* **Work required**:
Below are some entries. Return exactly the lines from the one with "0) x (1, 0, 0)" through the final line, leaving out any pictures.

*** Opening Dataset content ***

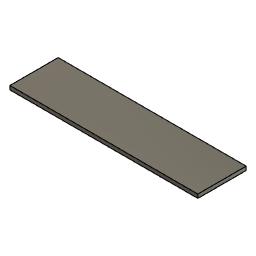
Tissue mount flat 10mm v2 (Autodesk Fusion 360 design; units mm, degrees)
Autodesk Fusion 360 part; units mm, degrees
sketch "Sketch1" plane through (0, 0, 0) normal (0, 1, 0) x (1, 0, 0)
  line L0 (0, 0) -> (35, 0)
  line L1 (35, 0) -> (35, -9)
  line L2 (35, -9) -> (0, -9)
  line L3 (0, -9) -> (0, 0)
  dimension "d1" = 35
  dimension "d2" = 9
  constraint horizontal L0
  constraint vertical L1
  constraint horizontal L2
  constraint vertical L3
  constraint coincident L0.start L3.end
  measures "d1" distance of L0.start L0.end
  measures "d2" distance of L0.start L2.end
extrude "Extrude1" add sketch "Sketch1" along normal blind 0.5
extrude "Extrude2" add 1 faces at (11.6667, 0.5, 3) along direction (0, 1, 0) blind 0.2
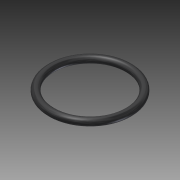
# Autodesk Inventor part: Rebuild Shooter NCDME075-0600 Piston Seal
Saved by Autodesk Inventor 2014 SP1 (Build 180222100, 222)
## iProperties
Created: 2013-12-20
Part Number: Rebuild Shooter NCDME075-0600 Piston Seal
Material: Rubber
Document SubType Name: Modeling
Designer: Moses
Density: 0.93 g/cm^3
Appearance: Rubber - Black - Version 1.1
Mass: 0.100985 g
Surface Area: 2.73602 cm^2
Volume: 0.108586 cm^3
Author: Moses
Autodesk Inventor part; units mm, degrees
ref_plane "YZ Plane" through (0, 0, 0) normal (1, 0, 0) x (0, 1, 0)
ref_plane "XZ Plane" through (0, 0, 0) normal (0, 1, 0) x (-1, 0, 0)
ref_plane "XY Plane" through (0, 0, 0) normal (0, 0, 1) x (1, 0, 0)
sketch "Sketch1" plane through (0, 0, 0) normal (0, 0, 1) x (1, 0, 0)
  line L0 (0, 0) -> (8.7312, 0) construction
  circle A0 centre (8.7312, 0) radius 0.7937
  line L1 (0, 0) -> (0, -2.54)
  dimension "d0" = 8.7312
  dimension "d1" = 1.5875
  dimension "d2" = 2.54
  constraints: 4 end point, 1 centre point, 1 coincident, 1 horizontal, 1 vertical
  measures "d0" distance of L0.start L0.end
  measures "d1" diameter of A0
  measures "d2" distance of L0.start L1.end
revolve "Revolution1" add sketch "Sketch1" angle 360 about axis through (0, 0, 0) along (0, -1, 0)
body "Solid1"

*** Closing Dataset content ***

* **Answer space**:
sketch "Sketch1" plane through (0, 0, 0) normal (0, 1, 0) x (1, 0, 0)
  line L0 (0, 0) -> (35, 0)
  line L1 (35, 0) -> (35, -9)
  line L2 (35, -9) -> (0, -9)
  line L3 (0, -9) -> (0, 0)
  dimension "d1" = 35
  dimension "d2" = 9
  constraint horizontal L0
  constraint vertical L1
  constraint horizontal L2
  constraint vertical L3
  constraint coincident L0.start L3.end
  measures "d1" distance of L0.start L0.end
  measures "d2" distance of L0.start L2.end
extrude "Extrude1" add sketch "Sketch1" along normal blind 0.5
extrude "Extrude2" add 1 faces at (11.6667, 0.5, 3) along direction (0, 1, 0) blind 0.2
# Autodesk Inventor part: Rebuild Shooter NCDME075-0600 Piston Seal
Saved by Autodesk Inventor 2014 SP1 (Build 180222100, 222)
## iProperties
Created: 2013-12-20
Part Number: Rebuild Shooter NCDME075-0600 Piston Seal
Material: Rubber
Document SubType Name: Modeling
Designer: Moses
Density: 0.93 g/cm^3
Appearance: Rubber - Black - Version 1.1
Mass: 0.100985 g
Surface Area: 2.73602 cm^2
Volume: 0.108586 cm^3
Author: Moses
Autodesk Inventor part; units mm, degrees
ref_plane "YZ Plane" through (0, 0, 0) normal (1, 0, 0) x (0, 1, 0)
ref_plane "XZ Plane" through (0, 0, 0) normal (0, 1, 0) x (-1, 0, 0)
ref_plane "XY Plane" through (0, 0, 0) normal (0, 0, 1) x (1, 0, 0)
sketch "Sketch1" plane through (0, 0, 0) normal (0, 0, 1) x (1, 0, 0)
  line L0 (0, 0) -> (8.7312, 0) construction
  circle A0 centre (8.7312, 0) radius 0.7937
  line L1 (0, 0) -> (0, -2.54)
  dimension "d0" = 8.7312
  dimension "d1" = 1.5875
  dimension "d2" = 2.54
  constraints: 4 end point, 1 centre point, 1 coincident, 1 horizontal, 1 vertical
  measures "d0" distance of L0.start L0.end
  measures "d1" diameter of A0
  measures "d2" distance of L0.start L1.end
revolve "Revolution1" add sketch "Sketch1" angle 360 about axis through (0, 0, 0) along (0, -1, 0)
body "Solid1"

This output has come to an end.